[STORED DATA — start]

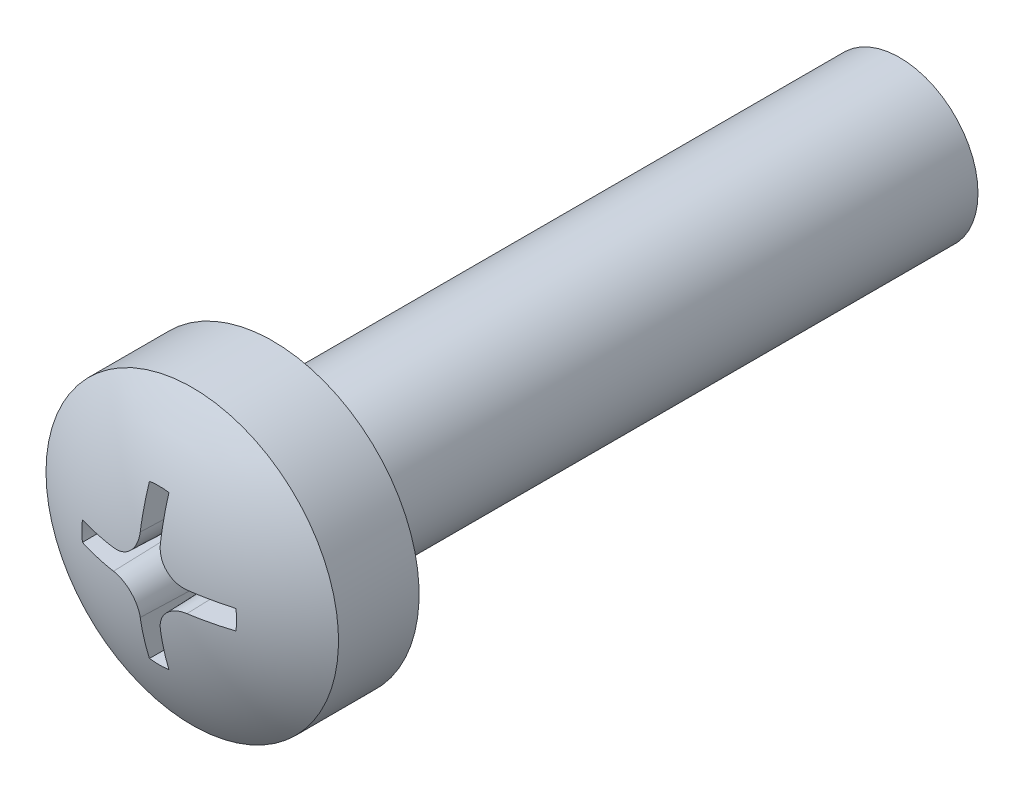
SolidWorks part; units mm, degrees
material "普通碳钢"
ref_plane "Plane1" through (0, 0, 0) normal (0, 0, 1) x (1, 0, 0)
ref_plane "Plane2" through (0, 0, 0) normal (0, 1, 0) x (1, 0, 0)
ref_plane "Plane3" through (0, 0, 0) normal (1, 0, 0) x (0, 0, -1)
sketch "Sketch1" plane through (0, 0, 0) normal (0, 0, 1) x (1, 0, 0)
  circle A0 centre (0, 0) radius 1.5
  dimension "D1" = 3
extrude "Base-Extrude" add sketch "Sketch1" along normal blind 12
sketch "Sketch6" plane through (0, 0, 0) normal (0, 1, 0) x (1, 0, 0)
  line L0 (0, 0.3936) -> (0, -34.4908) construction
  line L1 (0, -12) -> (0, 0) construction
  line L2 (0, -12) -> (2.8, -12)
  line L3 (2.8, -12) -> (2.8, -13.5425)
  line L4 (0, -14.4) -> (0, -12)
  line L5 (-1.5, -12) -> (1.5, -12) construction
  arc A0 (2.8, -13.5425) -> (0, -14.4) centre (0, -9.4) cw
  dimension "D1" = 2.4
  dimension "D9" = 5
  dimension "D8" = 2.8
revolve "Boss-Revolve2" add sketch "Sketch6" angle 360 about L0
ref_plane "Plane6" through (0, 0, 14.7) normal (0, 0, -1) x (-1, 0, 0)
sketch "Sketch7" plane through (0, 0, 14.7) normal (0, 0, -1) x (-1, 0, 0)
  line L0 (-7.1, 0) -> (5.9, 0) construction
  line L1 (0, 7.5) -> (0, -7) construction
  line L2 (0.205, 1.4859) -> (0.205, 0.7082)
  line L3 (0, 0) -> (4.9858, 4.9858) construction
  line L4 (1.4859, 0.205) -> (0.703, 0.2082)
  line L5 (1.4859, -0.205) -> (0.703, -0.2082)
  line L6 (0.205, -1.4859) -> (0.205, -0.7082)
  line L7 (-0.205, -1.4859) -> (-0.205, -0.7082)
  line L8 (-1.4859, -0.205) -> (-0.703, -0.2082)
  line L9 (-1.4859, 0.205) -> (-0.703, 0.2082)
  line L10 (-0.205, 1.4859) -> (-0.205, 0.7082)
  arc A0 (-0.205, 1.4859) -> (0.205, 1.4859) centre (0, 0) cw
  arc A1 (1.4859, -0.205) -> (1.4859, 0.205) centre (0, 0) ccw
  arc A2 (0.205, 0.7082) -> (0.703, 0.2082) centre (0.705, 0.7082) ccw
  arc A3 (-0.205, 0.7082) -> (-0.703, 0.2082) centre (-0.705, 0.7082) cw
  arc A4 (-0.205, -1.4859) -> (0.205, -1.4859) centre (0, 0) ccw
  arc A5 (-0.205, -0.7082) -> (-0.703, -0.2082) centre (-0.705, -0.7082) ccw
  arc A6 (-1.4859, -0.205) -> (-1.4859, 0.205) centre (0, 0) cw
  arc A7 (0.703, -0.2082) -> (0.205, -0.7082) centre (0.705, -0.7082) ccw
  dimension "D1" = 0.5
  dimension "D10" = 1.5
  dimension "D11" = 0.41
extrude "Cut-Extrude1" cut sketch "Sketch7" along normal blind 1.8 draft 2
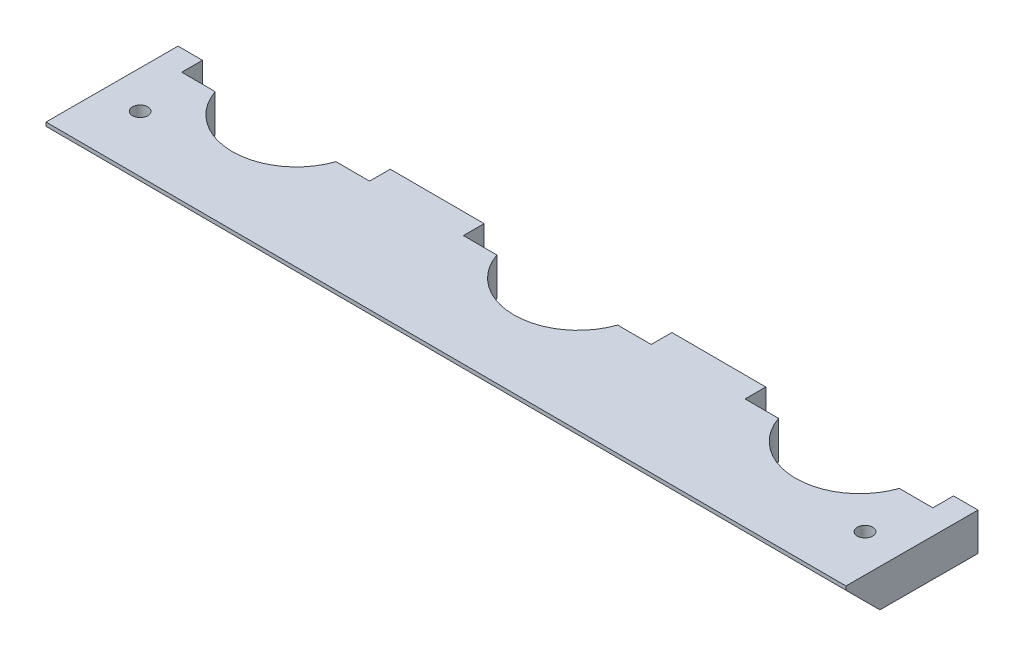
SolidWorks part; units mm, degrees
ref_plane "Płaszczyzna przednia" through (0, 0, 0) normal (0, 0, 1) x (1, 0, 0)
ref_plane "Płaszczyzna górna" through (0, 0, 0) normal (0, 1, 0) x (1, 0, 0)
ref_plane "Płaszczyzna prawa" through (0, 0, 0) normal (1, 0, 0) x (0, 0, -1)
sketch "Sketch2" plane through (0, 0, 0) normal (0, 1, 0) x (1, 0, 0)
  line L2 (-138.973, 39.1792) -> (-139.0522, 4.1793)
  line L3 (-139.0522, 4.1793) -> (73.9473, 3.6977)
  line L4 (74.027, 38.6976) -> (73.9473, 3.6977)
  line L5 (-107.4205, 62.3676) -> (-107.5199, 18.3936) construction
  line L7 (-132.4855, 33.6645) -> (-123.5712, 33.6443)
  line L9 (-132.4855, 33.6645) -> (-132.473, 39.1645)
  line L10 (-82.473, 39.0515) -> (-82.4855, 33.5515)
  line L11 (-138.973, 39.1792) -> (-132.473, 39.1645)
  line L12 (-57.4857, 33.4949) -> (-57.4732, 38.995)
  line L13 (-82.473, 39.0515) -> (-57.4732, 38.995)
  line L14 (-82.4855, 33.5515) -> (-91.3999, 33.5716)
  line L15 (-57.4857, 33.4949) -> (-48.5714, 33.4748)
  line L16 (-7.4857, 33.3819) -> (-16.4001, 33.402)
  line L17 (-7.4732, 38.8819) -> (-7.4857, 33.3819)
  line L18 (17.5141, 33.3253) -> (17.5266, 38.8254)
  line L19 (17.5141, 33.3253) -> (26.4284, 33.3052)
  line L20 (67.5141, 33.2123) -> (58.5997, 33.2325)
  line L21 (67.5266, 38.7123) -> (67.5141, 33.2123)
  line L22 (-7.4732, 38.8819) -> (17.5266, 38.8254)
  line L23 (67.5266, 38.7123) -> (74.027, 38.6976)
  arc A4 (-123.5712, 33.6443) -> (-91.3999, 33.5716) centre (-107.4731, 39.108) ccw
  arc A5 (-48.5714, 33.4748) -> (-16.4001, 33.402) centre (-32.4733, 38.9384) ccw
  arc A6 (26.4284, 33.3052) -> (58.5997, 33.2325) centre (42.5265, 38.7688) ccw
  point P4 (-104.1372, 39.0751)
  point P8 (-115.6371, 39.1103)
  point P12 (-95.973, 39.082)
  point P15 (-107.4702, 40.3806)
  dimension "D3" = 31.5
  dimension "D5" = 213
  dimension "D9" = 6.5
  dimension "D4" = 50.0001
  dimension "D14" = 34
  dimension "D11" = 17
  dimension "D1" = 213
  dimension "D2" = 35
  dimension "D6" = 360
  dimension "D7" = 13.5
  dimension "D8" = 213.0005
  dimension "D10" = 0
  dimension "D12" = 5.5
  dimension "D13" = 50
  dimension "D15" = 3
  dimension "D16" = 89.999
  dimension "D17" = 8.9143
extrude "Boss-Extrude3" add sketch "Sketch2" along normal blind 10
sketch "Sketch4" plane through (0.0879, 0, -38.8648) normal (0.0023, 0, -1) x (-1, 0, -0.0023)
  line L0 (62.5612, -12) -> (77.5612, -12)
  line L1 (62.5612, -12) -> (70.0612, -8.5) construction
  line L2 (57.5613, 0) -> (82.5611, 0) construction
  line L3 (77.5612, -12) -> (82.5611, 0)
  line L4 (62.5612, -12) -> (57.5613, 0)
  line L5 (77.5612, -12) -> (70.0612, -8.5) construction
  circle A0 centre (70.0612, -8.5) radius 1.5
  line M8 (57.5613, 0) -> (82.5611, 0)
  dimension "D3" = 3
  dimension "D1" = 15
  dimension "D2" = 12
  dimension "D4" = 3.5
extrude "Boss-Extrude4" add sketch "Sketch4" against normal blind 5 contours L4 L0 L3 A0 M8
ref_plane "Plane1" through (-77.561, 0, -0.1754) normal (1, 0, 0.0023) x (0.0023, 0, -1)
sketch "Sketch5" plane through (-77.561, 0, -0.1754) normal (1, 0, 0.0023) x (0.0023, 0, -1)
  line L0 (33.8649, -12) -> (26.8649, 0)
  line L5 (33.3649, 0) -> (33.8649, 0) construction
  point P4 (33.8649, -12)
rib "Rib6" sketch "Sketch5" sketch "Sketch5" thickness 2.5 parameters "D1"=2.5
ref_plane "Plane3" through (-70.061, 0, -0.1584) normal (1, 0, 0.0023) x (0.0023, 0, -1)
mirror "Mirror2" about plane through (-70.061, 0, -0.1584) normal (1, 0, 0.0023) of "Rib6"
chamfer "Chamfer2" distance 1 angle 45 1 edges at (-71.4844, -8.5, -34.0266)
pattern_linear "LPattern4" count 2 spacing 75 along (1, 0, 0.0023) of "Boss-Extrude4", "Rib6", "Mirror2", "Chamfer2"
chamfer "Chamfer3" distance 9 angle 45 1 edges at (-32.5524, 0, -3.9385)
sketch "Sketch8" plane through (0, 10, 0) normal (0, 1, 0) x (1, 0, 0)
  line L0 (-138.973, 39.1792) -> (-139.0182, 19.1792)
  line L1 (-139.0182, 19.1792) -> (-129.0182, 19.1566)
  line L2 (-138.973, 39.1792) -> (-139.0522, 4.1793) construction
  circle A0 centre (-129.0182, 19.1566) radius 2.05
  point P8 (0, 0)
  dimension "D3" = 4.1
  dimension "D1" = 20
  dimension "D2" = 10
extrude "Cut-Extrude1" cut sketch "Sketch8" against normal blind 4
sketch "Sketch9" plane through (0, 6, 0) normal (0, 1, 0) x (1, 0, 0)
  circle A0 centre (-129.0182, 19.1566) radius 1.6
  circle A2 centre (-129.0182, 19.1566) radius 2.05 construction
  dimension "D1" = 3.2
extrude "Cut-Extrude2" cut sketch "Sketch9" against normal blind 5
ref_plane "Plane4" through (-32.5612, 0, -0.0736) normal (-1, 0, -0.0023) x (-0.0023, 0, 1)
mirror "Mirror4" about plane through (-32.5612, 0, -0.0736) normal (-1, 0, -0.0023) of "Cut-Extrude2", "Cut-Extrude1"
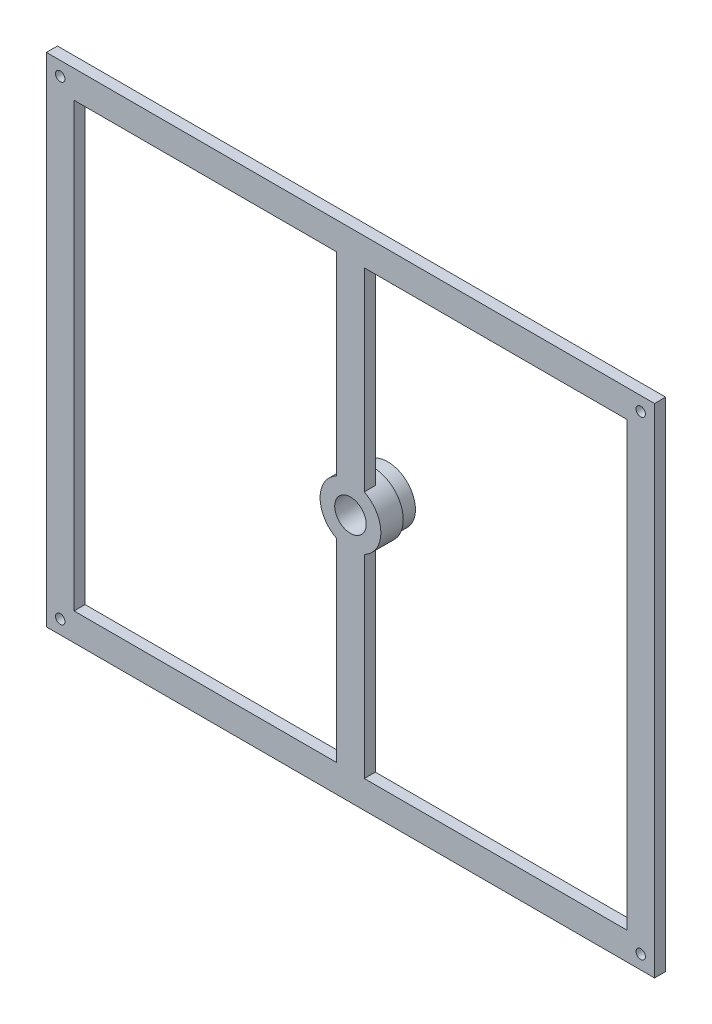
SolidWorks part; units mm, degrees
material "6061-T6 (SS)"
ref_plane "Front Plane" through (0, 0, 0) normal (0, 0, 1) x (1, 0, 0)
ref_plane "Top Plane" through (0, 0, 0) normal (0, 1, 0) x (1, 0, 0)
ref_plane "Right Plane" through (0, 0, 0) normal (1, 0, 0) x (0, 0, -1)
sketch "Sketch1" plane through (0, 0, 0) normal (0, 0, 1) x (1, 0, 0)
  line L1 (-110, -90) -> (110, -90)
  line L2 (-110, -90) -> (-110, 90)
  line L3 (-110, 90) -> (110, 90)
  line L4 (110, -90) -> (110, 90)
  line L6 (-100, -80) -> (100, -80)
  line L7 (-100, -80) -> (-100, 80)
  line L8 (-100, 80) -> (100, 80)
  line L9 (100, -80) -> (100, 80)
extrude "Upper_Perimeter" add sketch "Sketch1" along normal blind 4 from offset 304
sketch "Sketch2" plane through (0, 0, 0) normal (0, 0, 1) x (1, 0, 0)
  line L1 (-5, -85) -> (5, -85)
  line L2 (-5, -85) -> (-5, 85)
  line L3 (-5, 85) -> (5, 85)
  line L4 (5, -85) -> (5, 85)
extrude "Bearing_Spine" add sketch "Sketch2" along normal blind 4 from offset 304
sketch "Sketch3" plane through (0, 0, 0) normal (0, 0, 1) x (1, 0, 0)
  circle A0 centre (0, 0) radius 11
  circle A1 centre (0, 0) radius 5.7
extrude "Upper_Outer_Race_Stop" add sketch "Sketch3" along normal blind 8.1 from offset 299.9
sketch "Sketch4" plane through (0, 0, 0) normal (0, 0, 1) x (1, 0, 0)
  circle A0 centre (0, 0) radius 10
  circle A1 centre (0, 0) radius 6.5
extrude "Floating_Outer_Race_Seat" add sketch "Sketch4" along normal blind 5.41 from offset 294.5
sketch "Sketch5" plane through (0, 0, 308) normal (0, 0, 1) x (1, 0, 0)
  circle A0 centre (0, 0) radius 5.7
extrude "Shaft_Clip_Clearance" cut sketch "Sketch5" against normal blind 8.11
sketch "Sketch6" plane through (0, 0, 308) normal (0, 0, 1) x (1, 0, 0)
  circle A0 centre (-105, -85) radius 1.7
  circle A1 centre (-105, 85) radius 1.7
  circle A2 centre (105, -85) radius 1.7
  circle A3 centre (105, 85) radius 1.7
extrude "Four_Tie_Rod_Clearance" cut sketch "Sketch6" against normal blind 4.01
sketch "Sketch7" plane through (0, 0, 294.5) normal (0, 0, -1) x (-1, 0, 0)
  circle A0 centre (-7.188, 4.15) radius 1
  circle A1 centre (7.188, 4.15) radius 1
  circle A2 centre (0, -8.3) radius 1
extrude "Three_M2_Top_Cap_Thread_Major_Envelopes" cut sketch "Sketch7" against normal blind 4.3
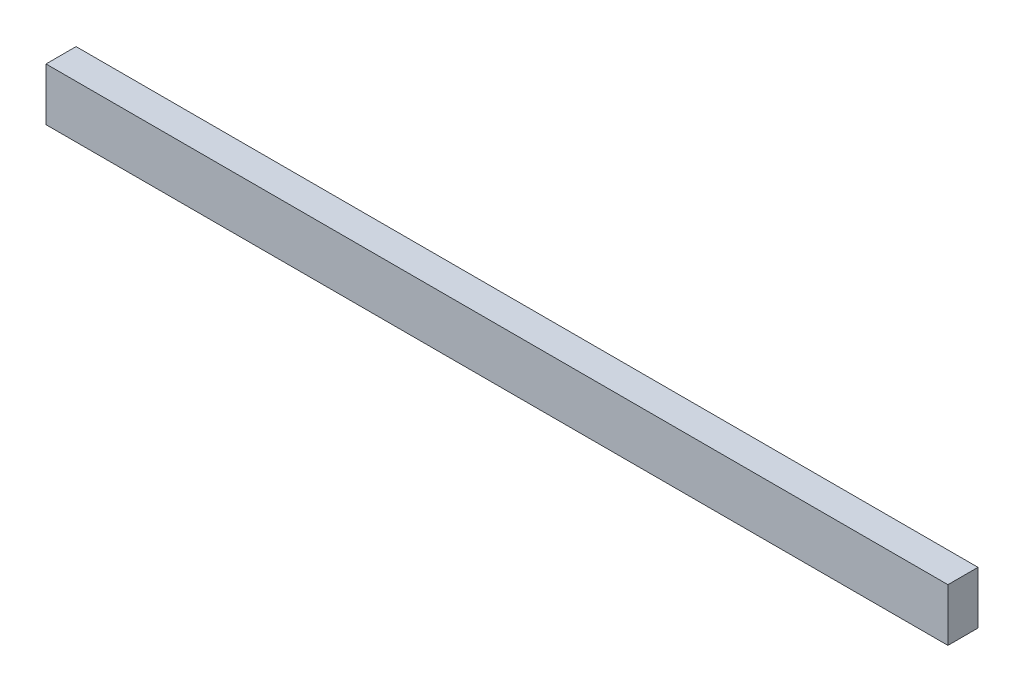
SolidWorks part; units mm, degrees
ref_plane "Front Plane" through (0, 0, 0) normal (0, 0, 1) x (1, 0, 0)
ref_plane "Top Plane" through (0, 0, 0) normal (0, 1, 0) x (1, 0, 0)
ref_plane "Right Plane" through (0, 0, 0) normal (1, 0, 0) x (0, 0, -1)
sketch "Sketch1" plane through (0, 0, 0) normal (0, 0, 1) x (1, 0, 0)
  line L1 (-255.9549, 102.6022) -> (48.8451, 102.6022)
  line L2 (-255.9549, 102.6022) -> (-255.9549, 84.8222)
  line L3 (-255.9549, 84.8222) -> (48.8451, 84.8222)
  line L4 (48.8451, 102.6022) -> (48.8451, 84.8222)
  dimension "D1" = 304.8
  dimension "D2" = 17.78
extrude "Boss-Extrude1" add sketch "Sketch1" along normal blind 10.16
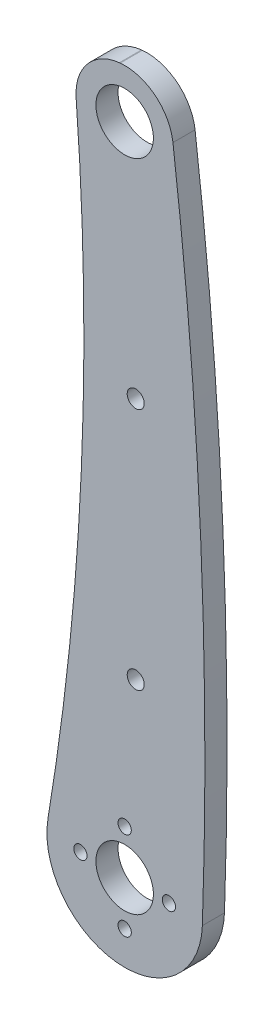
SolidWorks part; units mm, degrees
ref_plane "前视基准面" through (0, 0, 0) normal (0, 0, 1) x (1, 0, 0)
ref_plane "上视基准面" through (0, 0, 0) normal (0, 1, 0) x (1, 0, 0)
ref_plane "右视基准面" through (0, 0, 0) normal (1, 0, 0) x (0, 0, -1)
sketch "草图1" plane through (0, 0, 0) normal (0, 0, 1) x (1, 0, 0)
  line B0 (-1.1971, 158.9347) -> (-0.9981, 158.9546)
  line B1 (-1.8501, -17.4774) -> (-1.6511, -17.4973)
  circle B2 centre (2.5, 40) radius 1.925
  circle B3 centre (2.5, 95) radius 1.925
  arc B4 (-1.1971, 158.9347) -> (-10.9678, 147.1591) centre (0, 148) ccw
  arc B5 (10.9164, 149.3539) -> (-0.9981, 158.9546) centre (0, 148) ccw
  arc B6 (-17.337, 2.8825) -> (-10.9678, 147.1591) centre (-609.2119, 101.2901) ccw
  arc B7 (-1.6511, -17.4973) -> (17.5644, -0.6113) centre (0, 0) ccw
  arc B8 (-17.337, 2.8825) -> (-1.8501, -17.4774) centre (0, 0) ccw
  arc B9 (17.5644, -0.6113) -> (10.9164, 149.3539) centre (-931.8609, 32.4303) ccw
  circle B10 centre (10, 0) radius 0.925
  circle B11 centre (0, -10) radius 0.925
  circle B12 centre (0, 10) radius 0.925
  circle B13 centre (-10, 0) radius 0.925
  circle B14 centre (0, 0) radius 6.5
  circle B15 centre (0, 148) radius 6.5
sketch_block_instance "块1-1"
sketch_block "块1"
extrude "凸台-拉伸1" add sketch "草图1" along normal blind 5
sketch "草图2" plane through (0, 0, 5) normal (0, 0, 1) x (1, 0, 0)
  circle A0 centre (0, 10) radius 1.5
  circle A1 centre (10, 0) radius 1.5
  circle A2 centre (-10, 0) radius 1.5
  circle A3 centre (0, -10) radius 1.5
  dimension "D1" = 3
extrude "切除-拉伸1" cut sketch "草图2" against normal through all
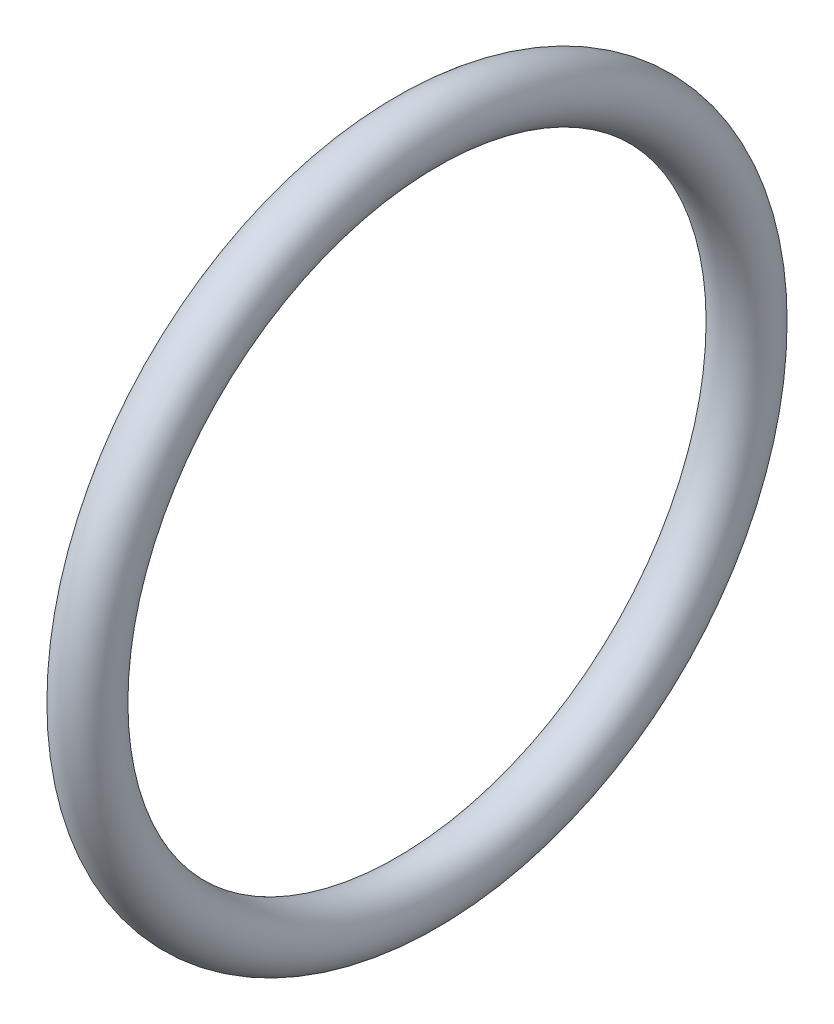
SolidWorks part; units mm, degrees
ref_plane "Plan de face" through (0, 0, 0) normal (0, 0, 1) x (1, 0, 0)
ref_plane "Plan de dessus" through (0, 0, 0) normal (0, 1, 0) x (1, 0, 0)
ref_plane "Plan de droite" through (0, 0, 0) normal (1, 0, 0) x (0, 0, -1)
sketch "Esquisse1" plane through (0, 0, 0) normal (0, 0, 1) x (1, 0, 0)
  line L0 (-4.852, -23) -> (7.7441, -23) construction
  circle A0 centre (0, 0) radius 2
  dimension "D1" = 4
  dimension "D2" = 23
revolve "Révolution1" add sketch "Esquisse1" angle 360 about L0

[STORED DATA — finish]

◆ TASK TO CARRY OUT:
From the line with "line L9 (-1.4859, 0.205)" up to and including the line with "line L5 (-107.4205, 62.3676)" above, retype every line exactly and nothing more; leave out the pictures.

◆ REPLY TO THE TASK:
  line L9 (-1.4859, 0.205) -> (-0.703, 0.2082)
  line L10 (-0.205, 1.4859) -> (-0.205, 0.7082)
  arc A0 (-0.205, 1.4859) -> (0.205, 1.4859) centre (0, 0) cw
  arc A1 (1.4859, -0.205) -> (1.4859, 0.205) centre (0, 0) ccw
  arc A2 (0.205, 0.7082) -> (0.703, 0.2082) centre (0.705, 0.7082) ccw
  arc A3 (-0.205, 0.7082) -> (-0.703, 0.2082) centre (-0.705, 0.7082) cw
  arc A4 (-0.205, -1.4859) -> (0.205, -1.4859) centre (0, 0) ccw
  arc A5 (-0.205, -0.7082) -> (-0.703, -0.2082) centre (-0.705, -0.7082) ccw
  arc A6 (-1.4859, -0.205) -> (-1.4859, 0.205) centre (0, 0) cw
  arc A7 (0.703, -0.2082) -> (0.205, -0.7082) centre (0.705, -0.7082) ccw
  dimension "D1" = 0.5
  dimension "D10" = 1.5
  dimension "D11" = 0.41
extrude "Cut-Extrude1" cut sketch "Sketch7" along normal blind 1.8 draft 2
SolidWorks part; units mm, degrees
ref_plane "Płaszczyzna przednia" through (0, 0, 0) normal (0, 0, 1) x (1, 0, 0)
ref_plane "Płaszczyzna górna" through (0, 0, 0) normal (0, 1, 0) x (1, 0, 0)
ref_plane "Płaszczyzna prawa" through (0, 0, 0) normal (1, 0, 0) x (0, 0, -1)
sketch "Sketch2" plane through (0, 0, 0) normal (0, 1, 0) x (1, 0, 0)
  line L2 (-138.973, 39.1792) -> (-139.0522, 4.1793)
  line L3 (-139.0522, 4.1793) -> (73.9473, 3.6977)
  line L4 (74.027, 38.6976) -> (73.9473, 3.6977)
  line L5 (-107.4205, 62.3676) -> (-107.5199, 18.3936) construction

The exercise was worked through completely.